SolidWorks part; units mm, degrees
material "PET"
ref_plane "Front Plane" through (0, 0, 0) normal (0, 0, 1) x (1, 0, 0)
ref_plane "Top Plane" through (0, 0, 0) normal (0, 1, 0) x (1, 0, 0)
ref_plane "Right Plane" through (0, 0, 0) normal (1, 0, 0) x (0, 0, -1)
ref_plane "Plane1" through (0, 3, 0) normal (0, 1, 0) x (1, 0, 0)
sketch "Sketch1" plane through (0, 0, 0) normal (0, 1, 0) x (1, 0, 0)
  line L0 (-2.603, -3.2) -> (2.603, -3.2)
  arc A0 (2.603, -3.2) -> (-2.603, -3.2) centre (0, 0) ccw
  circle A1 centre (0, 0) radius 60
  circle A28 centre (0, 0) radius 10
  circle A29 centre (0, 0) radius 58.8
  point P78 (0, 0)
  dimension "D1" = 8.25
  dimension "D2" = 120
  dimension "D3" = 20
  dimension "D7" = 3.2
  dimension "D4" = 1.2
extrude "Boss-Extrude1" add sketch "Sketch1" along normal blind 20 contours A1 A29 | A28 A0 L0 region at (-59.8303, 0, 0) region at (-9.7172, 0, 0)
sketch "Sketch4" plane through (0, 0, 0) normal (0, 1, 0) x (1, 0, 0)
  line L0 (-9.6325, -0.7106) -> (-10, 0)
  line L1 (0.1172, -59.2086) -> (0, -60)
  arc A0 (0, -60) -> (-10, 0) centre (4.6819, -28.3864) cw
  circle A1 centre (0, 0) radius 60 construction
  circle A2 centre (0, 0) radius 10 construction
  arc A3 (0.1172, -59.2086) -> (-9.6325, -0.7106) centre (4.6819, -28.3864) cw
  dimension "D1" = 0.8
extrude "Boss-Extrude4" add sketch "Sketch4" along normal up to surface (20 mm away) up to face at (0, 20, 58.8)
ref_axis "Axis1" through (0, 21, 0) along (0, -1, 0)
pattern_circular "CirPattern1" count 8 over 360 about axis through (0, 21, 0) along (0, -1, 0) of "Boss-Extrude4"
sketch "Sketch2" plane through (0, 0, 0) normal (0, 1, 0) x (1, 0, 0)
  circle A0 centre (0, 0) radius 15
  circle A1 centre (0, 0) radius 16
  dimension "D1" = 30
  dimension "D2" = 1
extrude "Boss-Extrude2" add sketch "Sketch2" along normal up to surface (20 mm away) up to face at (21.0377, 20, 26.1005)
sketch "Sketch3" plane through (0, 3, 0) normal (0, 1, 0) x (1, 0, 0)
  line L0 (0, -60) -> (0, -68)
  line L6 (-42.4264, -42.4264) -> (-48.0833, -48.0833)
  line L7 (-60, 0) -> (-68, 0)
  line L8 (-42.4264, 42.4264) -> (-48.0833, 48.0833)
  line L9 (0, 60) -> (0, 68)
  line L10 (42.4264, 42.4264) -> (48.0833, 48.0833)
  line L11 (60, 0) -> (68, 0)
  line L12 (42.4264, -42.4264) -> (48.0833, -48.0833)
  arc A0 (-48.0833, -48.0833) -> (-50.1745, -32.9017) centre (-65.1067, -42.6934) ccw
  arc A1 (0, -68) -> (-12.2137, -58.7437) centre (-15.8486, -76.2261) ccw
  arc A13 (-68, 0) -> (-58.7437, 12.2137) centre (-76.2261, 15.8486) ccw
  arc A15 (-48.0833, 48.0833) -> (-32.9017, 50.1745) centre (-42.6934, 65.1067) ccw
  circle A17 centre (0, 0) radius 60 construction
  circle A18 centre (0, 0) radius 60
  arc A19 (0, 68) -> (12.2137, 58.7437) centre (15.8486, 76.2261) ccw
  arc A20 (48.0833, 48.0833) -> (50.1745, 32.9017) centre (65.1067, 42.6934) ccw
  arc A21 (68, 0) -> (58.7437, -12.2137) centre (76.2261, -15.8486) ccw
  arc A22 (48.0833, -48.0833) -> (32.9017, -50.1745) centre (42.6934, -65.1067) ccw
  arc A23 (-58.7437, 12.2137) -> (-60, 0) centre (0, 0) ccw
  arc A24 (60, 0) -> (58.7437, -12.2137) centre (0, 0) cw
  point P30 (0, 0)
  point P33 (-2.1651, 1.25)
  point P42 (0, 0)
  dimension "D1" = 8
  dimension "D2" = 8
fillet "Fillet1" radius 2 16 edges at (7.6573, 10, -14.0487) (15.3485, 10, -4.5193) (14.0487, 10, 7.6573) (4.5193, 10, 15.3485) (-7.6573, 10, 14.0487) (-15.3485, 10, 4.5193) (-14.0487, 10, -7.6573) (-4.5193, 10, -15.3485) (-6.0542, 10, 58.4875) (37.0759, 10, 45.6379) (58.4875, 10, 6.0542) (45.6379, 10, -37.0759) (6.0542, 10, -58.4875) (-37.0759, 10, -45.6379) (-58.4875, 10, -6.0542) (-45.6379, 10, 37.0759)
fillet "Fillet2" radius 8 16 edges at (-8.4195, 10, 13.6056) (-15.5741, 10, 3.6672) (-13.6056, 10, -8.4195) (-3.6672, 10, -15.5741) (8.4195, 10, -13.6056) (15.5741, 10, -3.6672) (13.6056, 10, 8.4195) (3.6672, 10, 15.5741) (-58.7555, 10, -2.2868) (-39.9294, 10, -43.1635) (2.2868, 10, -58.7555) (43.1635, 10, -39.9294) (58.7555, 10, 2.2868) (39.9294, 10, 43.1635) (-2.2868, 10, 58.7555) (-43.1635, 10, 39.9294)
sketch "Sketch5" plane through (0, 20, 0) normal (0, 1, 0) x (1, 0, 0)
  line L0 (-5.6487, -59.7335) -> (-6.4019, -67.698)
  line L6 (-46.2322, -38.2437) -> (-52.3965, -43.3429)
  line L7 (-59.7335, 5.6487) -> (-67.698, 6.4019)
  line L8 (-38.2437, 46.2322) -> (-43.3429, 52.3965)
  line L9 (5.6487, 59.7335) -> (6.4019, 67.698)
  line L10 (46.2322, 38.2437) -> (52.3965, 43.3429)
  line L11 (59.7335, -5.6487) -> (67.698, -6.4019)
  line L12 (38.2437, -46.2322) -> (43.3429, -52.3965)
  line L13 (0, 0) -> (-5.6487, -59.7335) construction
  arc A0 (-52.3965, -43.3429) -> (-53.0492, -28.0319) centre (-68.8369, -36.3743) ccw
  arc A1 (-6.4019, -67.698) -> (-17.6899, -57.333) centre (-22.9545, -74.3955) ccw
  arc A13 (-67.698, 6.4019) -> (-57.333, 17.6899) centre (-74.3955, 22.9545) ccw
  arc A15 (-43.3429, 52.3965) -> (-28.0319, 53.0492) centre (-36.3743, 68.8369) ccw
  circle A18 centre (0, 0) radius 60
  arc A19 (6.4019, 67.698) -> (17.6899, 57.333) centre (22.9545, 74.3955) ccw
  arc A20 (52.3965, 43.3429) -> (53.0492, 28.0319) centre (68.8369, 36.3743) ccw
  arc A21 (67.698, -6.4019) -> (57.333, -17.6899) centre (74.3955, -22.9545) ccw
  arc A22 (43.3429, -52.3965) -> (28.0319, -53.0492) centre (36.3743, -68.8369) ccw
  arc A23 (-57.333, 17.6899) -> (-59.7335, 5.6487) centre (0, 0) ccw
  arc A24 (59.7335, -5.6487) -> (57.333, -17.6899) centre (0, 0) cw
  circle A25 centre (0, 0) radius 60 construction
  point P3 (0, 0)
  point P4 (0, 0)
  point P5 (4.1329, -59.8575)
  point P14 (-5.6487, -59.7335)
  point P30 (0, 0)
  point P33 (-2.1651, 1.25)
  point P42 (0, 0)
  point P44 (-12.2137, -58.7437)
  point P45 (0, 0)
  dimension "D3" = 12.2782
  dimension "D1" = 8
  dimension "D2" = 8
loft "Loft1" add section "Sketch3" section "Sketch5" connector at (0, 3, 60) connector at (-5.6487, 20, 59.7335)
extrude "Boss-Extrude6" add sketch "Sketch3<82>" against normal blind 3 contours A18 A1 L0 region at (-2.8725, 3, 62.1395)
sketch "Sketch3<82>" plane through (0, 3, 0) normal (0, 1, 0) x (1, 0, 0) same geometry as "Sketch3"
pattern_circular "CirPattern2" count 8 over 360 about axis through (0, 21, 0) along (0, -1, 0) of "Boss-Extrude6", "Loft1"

### Instructions to follow
Could you write out, exactly as they stand, only the lines above that begin at the line with "line L1 (0.1172, -59.2086) -> (0, -60)" and stop after the line with "(21.0377, 20, 26.1005)"?

### Output for this task
  line L1 (0.1172, -59.2086) -> (0, -60)
  arc A0 (0, -60) -> (-10, 0) centre (4.6819, -28.3864) cw
  circle A1 centre (0, 0) radius 60 construction
  circle A2 centre (0, 0) radius 10 construction
  arc A3 (0.1172, -59.2086) -> (-9.6325, -0.7106) centre (4.6819, -28.3864) cw
  dimension "D1" = 0.8
extrude "Boss-Extrude4" add sketch "Sketch4" along normal up to surface (20 mm away) up to face at (0, 20, 58.8)
ref_axis "Axis1" through (0, 21, 0) along (0, -1, 0)
pattern_circular "CirPattern1" count 8 over 360 about axis through (0, 21, 0) along (0, -1, 0) of "Boss-Extrude4"
sketch "Sketch2" plane through (0, 0, 0) normal (0, 1, 0) x (1, 0, 0)
  circle A0 centre (0, 0) radius 15
  circle A1 centre (0, 0) radius 16
  dimension "D1" = 30
  dimension "D2" = 1
extrude "Boss-Extrude2" add sketch "Sketch2" along normal up to surface (20 mm away) up to face at (21.0377, 20, 26.1005)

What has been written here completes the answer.